Work to be completed: Examine the material below. Gather every line in which the string "mechanical" appears.

○ ○ ○ ○

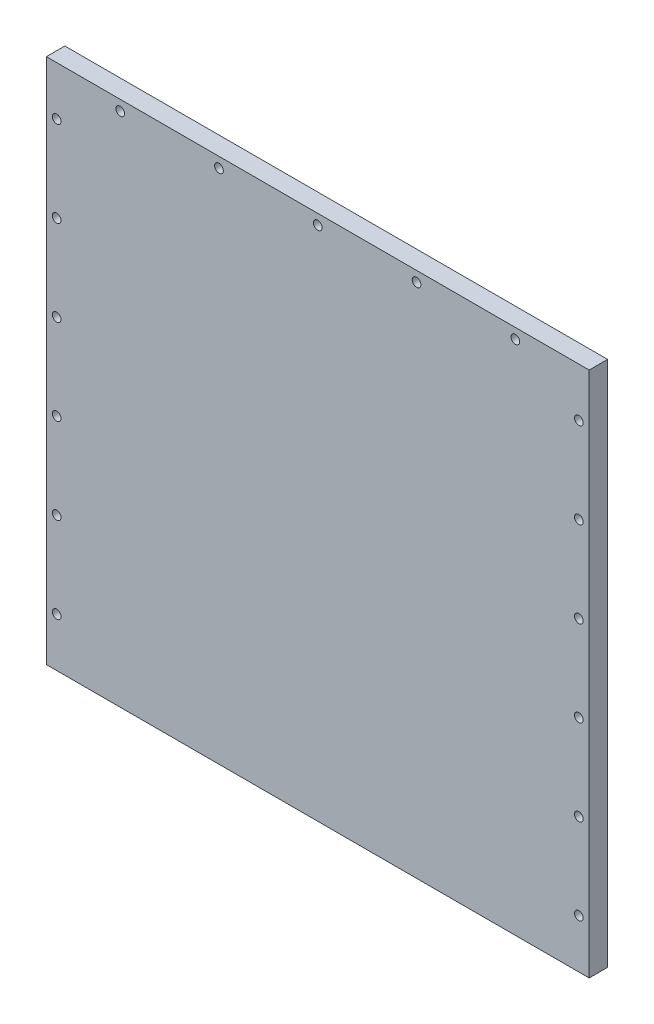
ISO-10303-21;
HEADER;
FILE_DESCRIPTION(('STEP AP214'),'2;1');
FILE_NAME('part.step','',(''),(''),'','','');
FILE_SCHEMA(('AUTOMOTIVE_DESIGN { 1 0 10303 214 1 1 1 1 }'));
ENDSEC;
DATA;
#1=APPLICATION_CONTEXT('core data for automotive mechanical design processes');
#2=APPLICATION_PROTOCOL_DEFINITION('international standard','automotive_design',2000,#1);
#3=PRODUCT_CONTEXT('',#1,'mechanical');
#4=PRODUCT('Part','Part','',(#3));
#5=PRODUCT_RELATED_PRODUCT_CATEGORY('part','',(#4));
#6=PRODUCT_DEFINITION_FORMATION('','',#4);
#7=PRODUCT_DEFINITION_CONTEXT('part definition',#1,'design');
#8=PRODUCT_DEFINITION('design','',#6,#7);
#9=PRODUCT_DEFINITION_SHAPE('','',#8);
#10=(LENGTH_UNIT() NAMED_UNIT(*) SI_UNIT(.MILLI.,.METRE.));
#11=(NAMED_UNIT(*) PLANE_ANGLE_UNIT() SI_UNIT($,.RADIAN.));
#12=(NAMED_UNIT(*) SI_UNIT($,.STERADIAN.) SOLID_ANGLE_UNIT());
#13=UNCERTAINTY_MEASURE_WITH_UNIT(LENGTH_MEASURE(1.E-05),#10,'distance_accuracy_value','');
#14=(GEOMETRIC_REPRESENTATION_CONTEXT(3) GLOBAL_UNCERTAINTY_ASSIGNED_CONTEXT((#13)) GLOBAL_UNIT_ASSIGNED_CONTEXT((#10,
#11,#12)) REPRESENTATION_CONTEXT('',''));
#15=CARTESIAN_POINT('',(0.,0.,0.));
#16=DIRECTION('',(0.,0.,1.));
#17=DIRECTION('',(1.,0.,0.));
#18=AXIS2_PLACEMENT_3D('',#15,#16,#17);
#19=CARTESIAN_POINT('',(0.,0.,17.));
#20=DIRECTION('',(0.,0.,1.));
#21=DIRECTION('',(1.,0.,0.));
#22=AXIS2_PLACEMENT_3D('',#19,#20,#21);
#23=PLANE('',#22);
#24=CARTESIAN_POINT('',(-91.,245.5,17.));
#25=DIRECTION('',(0.,0.,1.));
#26=DIRECTION('',(1.,0.,0.));
#27=AXIS2_PLACEMENT_3D('',#24,#25,#26);
#28=CIRCLE('',#27,3.99999999999999);
#29=CARTESIAN_POINT('',(-87.,245.5,17.));
#30=VERTEX_POINT('',#29);
#31=EDGE_CURVE('E167',#30,#30,#28,.F.);
#32=ORIENTED_EDGE('',*,*,#31,.T.);
#33=EDGE_LOOP('',(#32));
#34=FACE_BOUND('',#33,.T.);
#35=CARTESIAN_POINT('',(91.,245.5,17.));
#36=DIRECTION('',(0.,0.,1.));
#37=DIRECTION('',(1.,0.,0.));
#38=AXIS2_PLACEMENT_3D('',#35,#36,#37);
#39=CIRCLE('',#38,3.99999999999999);
#40=CARTESIAN_POINT('',(95.,245.5,17.));
#41=VERTEX_POINT('',#40);
#42=EDGE_CURVE('E160',#41,#41,#39,.F.);
#43=ORIENTED_EDGE('',*,*,#42,.T.);
#44=EDGE_LOOP('',(#43));
#45=FACE_BOUND('',#44,.T.);
#46=CARTESIAN_POINT('',(-182.,245.5,17.));
#47=DIRECTION('',(0.,0.,1.));
#48=DIRECTION('',(1.,0.,0.));
#49=AXIS2_PLACEMENT_3D('',#46,#47,#48);
#50=CIRCLE('',#49,3.99999999999999);
#51=CARTESIAN_POINT('',(-178.,245.5,17.));
#52=VERTEX_POINT('',#51);
#53=EDGE_CURVE('E152',#52,#52,#50,.F.);
#54=ORIENTED_EDGE('',*,*,#53,.T.);
#55=EDGE_LOOP('',(#54));
#56=FACE_BOUND('',#55,.T.);
#57=CARTESIAN_POINT('',(240.5,-106.,17.));
#58=DIRECTION('',(0.,0.,1.));
#59=DIRECTION('',(1.,0.,0.));
#60=AXIS2_PLACEMENT_3D('',#57,#58,#59);
#61=CIRCLE('',#60,3.99999999999999);
#62=CARTESIAN_POINT('',(244.5,-106.,17.));
#63=VERTEX_POINT('',#62);
#64=EDGE_CURVE('E144',#63,#63,#61,.F.);
#65=ORIENTED_EDGE('',*,*,#64,.T.);
#66=EDGE_LOOP('',(#65));
#67=FACE_BOUND('',#66,.T.);
#68=CARTESIAN_POINT('',(240.5,-27.,17.));
#69=DIRECTION('',(0.,0.,1.));
#70=DIRECTION('',(1.,0.,0.));
#71=AXIS2_PLACEMENT_3D('',#68,#69,#70);
#72=CIRCLE('',#71,3.99999999999999);
#73=CARTESIAN_POINT('',(244.5,-27.,17.));
#74=VERTEX_POINT('',#73);
#75=EDGE_CURVE('E136',#74,#74,#72,.F.);
#76=ORIENTED_EDGE('',*,*,#75,.T.);
#77=EDGE_LOOP('',(#76));
#78=FACE_BOUND('',#77,.T.);
#79=CARTESIAN_POINT('',(240.5,52.,17.));
#80=DIRECTION('',(0.,0.,1.));
#81=DIRECTION('',(1.,0.,0.));
#82=AXIS2_PLACEMENT_3D('',#79,#80,#81);
#83=CIRCLE('',#82,3.99999999999999);
#84=CARTESIAN_POINT('',(244.5,52.,17.));
#85=VERTEX_POINT('',#84);
#86=EDGE_CURVE('E128',#85,#85,#83,.F.);
#87=ORIENTED_EDGE('',*,*,#86,.T.);
#88=EDGE_LOOP('',(#87));
#89=FACE_BOUND('',#88,.T.);
#90=CARTESIAN_POINT('',(240.5,131.,17.));
#91=DIRECTION('',(0.,0.,1.));
#92=DIRECTION('',(1.,0.,0.));
#93=AXIS2_PLACEMENT_3D('',#90,#91,#92);
#94=CIRCLE('',#93,3.99999999999999);
#95=CARTESIAN_POINT('',(244.5,131.,17.));
#96=VERTEX_POINT('',#95);
#97=EDGE_CURVE('E120',#96,#96,#94,.F.);
#98=ORIENTED_EDGE('',*,*,#97,.T.);
#99=EDGE_LOOP('',(#98));
#100=FACE_BOUND('',#99,.T.);
#101=CARTESIAN_POINT('',(182.,245.5,17.));
#102=DIRECTION('',(0.,0.,1.));
#103=DIRECTION('',(1.,0.,0.));
#104=AXIS2_PLACEMENT_3D('',#101,#102,#103);
#105=CIRCLE('',#104,3.99999999999999);
#106=CARTESIAN_POINT('',(186.,245.5,17.));
#107=VERTEX_POINT('',#106);
#108=EDGE_CURVE('E112',#107,#107,#105,.F.);
#109=ORIENTED_EDGE('',*,*,#108,.T.);
#110=EDGE_LOOP('',(#109));
#111=FACE_BOUND('',#110,.T.);
#112=DIRECTION('',(0.,-1.,0.));
#113=VECTOR('',#112,1.);
#114=CARTESIAN_POINT('',(-250.,255.,17.));
#115=LINE('',#114,#113);
#116=CARTESIAN_POINT('',(-250.,255.,17.));
#117=VERTEX_POINT('',#116);
#118=CARTESIAN_POINT('',(-250.,-230.,17.));
#119=VERTEX_POINT('',#118);
#120=EDGE_CURVE('E87',#117,#119,#115,.T.);
#121=ORIENTED_EDGE('',*,*,#120,.T.);
#122=DIRECTION('',(1.,0.,0.));
#123=VECTOR('',#122,1.);
#124=CARTESIAN_POINT('',(-250.,-230.,17.));
#125=LINE('',#124,#123);
#126=CARTESIAN_POINT('',(250.,-230.,17.));
#127=VERTEX_POINT('',#126);
#128=EDGE_CURVE('E82',#119,#127,#125,.T.);
#129=ORIENTED_EDGE('',*,*,#128,.T.);
#130=DIRECTION('',(0.,1.,0.));
#131=VECTOR('',#130,1.);
#132=CARTESIAN_POINT('',(250.,255.,17.));
#133=LINE('',#132,#131);
#134=CARTESIAN_POINT('',(250.,255.,17.));
#135=VERTEX_POINT('',#134);
#136=EDGE_CURVE('E85',#127,#135,#133,.T.);
#137=ORIENTED_EDGE('',*,*,#136,.T.);
#138=DIRECTION('',(-1.,0.,0.));
#139=VECTOR('',#138,1.);
#140=CARTESIAN_POINT('',(-250.,255.,17.));
#141=LINE('',#140,#139);
#142=EDGE_CURVE('E52',#135,#117,#141,.T.);
#143=ORIENTED_EDGE('',*,*,#142,.T.);
#144=EDGE_LOOP('',(#121,#129,#137,#143));
#145=FACE_BOUND('',#144,.T.);
#146=CARTESIAN_POINT('',(240.5,210.,17.));
#147=DIRECTION('',(0.,0.,1.));
#148=DIRECTION('',(1.,0.,0.));
#149=AXIS2_PLACEMENT_3D('',#146,#147,#148);
#150=CIRCLE('',#149,3.99999999999999);
#151=CARTESIAN_POINT('',(244.5,210.,17.));
#152=VERTEX_POINT('',#151);
#153=EDGE_CURVE('E103',#152,#152,#150,.F.);
#154=ORIENTED_EDGE('',*,*,#153,.T.);
#155=EDGE_LOOP('',(#154));
#156=FACE_BOUND('',#155,.T.);
#157=CARTESIAN_POINT('',(-240.5,210.,17.));
#158=DIRECTION('',(0.,0.,1.));
#159=DIRECTION('',(1.,0.,0.));
#160=AXIS2_PLACEMENT_3D('',#157,#158,#159);
#161=CIRCLE('',#160,3.99999999999999);
#162=CARTESIAN_POINT('',(-236.5,210.,17.));
#163=VERTEX_POINT('',#162);
#164=EDGE_CURVE('E116',#163,#163,#161,.F.);
#165=ORIENTED_EDGE('',*,*,#164,.T.);
#166=EDGE_LOOP('',(#165));
#167=FACE_BOUND('',#166,.T.);
#168=CARTESIAN_POINT('',(-240.5,131.,17.));
#169=DIRECTION('',(0.,0.,1.));
#170=DIRECTION('',(1.,0.,0.));
#171=AXIS2_PLACEMENT_3D('',#168,#169,#170);
#172=CIRCLE('',#171,3.99999999999993);
#173=CARTESIAN_POINT('',(-236.5,131.,17.));
#174=VERTEX_POINT('',#173);
#175=EDGE_CURVE('E124',#174,#174,#172,.F.);
#176=ORIENTED_EDGE('',*,*,#175,.T.);
#177=EDGE_LOOP('',(#176));
#178=FACE_BOUND('',#177,.T.);
#179=CARTESIAN_POINT('',(-240.5,52.,17.));
#180=DIRECTION('',(0.,0.,1.));
#181=DIRECTION('',(1.,0.,0.));
#182=AXIS2_PLACEMENT_3D('',#179,#180,#181);
#183=CIRCLE('',#182,3.99999999999999);
#184=CARTESIAN_POINT('',(-236.5,52.,17.));
#185=VERTEX_POINT('',#184);
#186=EDGE_CURVE('E132',#185,#185,#183,.F.);
#187=ORIENTED_EDGE('',*,*,#186,.T.);
#188=EDGE_LOOP('',(#187));
#189=FACE_BOUND('',#188,.T.);
#190=CARTESIAN_POINT('',(-240.5,-27.,17.));
#191=DIRECTION('',(0.,0.,1.));
#192=DIRECTION('',(1.,0.,0.));
#193=AXIS2_PLACEMENT_3D('',#190,#191,#192);
#194=CIRCLE('',#193,3.99999999999999);
#195=CARTESIAN_POINT('',(-236.5,-27.,17.));
#196=VERTEX_POINT('',#195);
#197=EDGE_CURVE('E140',#196,#196,#194,.F.);
#198=ORIENTED_EDGE('',*,*,#197,.T.);
#199=EDGE_LOOP('',(#198));
#200=FACE_BOUND('',#199,.T.);
#201=CARTESIAN_POINT('',(-240.5,-106.,17.));
#202=DIRECTION('',(0.,0.,1.));
#203=DIRECTION('',(1.,0.,0.));
#204=AXIS2_PLACEMENT_3D('',#201,#202,#203);
#205=CIRCLE('',#204,3.99999999999999);
#206=CARTESIAN_POINT('',(-236.5,-106.,17.));
#207=VERTEX_POINT('',#206);
#208=EDGE_CURVE('E148',#207,#207,#205,.F.);
#209=ORIENTED_EDGE('',*,*,#208,.T.);
#210=EDGE_LOOP('',(#209));
#211=FACE_BOUND('',#210,.T.);
#212=CARTESIAN_POINT('',(240.5,-185.,17.));
#213=DIRECTION('',(0.,0.,1.));
#214=DIRECTION('',(1.,0.,0.));
#215=AXIS2_PLACEMENT_3D('',#212,#213,#214);
#216=CIRCLE('',#215,3.99999999999999);
#217=CARTESIAN_POINT('',(244.5,-185.,17.));
#218=VERTEX_POINT('',#217);
#219=EDGE_CURVE('E156',#218,#218,#216,.F.);
#220=ORIENTED_EDGE('',*,*,#219,.T.);
#221=EDGE_LOOP('',(#220));
#222=FACE_BOUND('',#221,.T.);
#223=CARTESIAN_POINT('',(0.,245.5,17.));
#224=DIRECTION('',(0.,0.,1.));
#225=DIRECTION('',(1.,0.,0.));
#226=AXIS2_PLACEMENT_3D('',#223,#224,#225);
#227=CIRCLE('',#226,4.00000000000001);
#228=CARTESIAN_POINT('',(4.00000000000001,245.5,17.));
#229=VERTEX_POINT('',#228);
#230=EDGE_CURVE('E164',#229,#229,#227,.F.);
#231=ORIENTED_EDGE('',*,*,#230,.T.);
#232=EDGE_LOOP('',(#231));
#233=FACE_BOUND('',#232,.T.);
#234=CARTESIAN_POINT('',(-240.5,-185.,17.));
#235=DIRECTION('',(0.,0.,1.));
#236=DIRECTION('',(1.,0.,0.));
#237=AXIS2_PLACEMENT_3D('',#234,#235,#236);
#238=CIRCLE('',#237,3.99999999999999);
#239=CARTESIAN_POINT('',(-236.5,-185.,17.));
#240=VERTEX_POINT('',#239);
#241=EDGE_CURVE('E37',#240,#240,#238,.F.);
#242=ORIENTED_EDGE('',*,*,#241,.T.);
#243=EDGE_LOOP('',(#242));
#244=FACE_BOUND('',#243,.T.);
#245=ADVANCED_FACE('F33',(#34,#45,#56,#67,#78,#89,#100,#111,#145,#156,#167,#178,#189,#200,#211,
#222,#233,#244),#23,.T.);
#246=CARTESIAN_POINT('',(-250.,255.,17.));
#247=DIRECTION('',(1.,0.,0.));
#248=DIRECTION('',(0.,1.,0.));
#249=AXIS2_PLACEMENT_3D('',#246,#247,#248);
#250=PLANE('',#249);
#251=DIRECTION('',(0.,-1.,0.));
#252=VECTOR('',#251,1.);
#253=CARTESIAN_POINT('',(-250.,255.,0.));
#254=LINE('',#253,#252);
#255=CARTESIAN_POINT('',(-250.,255.,0.));
#256=VERTEX_POINT('',#255);
#257=CARTESIAN_POINT('',(-250.,-230.,0.));
#258=VERTEX_POINT('',#257);
#259=EDGE_CURVE('E100',#256,#258,#254,.T.);
#260=ORIENTED_EDGE('',*,*,#259,.T.);
#261=DIRECTION('',(0.,0.,-1.));
#262=VECTOR('',#261,1.);
#263=CARTESIAN_POINT('',(-250.,-230.,17.));
#264=LINE('',#263,#262);
#265=EDGE_CURVE('E11',#119,#258,#264,.T.);
#266=ORIENTED_EDGE('',*,*,#265,.F.);
#267=ORIENTED_EDGE('',*,*,#120,.F.);
#268=DIRECTION('',(0.,0.,-1.));
#269=VECTOR('',#268,1.);
#270=CARTESIAN_POINT('',(-250.,255.,17.));
#271=LINE('',#270,#269);
#272=EDGE_CURVE('E96',#117,#256,#271,.T.);
#273=ORIENTED_EDGE('',*,*,#272,.T.);
#274=EDGE_LOOP('',(#260,#266,#267,#273));
#275=FACE_BOUND('',#274,.T.);
#276=ADVANCED_FACE('F35',(#275),#250,.F.);
#277=CARTESIAN_POINT('',(-250.,-230.,17.));
#278=DIRECTION('',(0.,1.,0.));
#279=DIRECTION('',(0.,0.,1.));
#280=AXIS2_PLACEMENT_3D('',#277,#278,#279);
#281=PLANE('',#280);
#282=DIRECTION('',(1.,0.,0.));
#283=VECTOR('',#282,1.);
#284=CARTESIAN_POINT('',(-250.,-230.,0.));
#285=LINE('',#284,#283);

○ ○ ○ ○

Output for this exercise:
#1=APPLICATION_CONTEXT('core data for automotive mechanical design processes');
#3=PRODUCT_CONTEXT('',#1,'mechanical');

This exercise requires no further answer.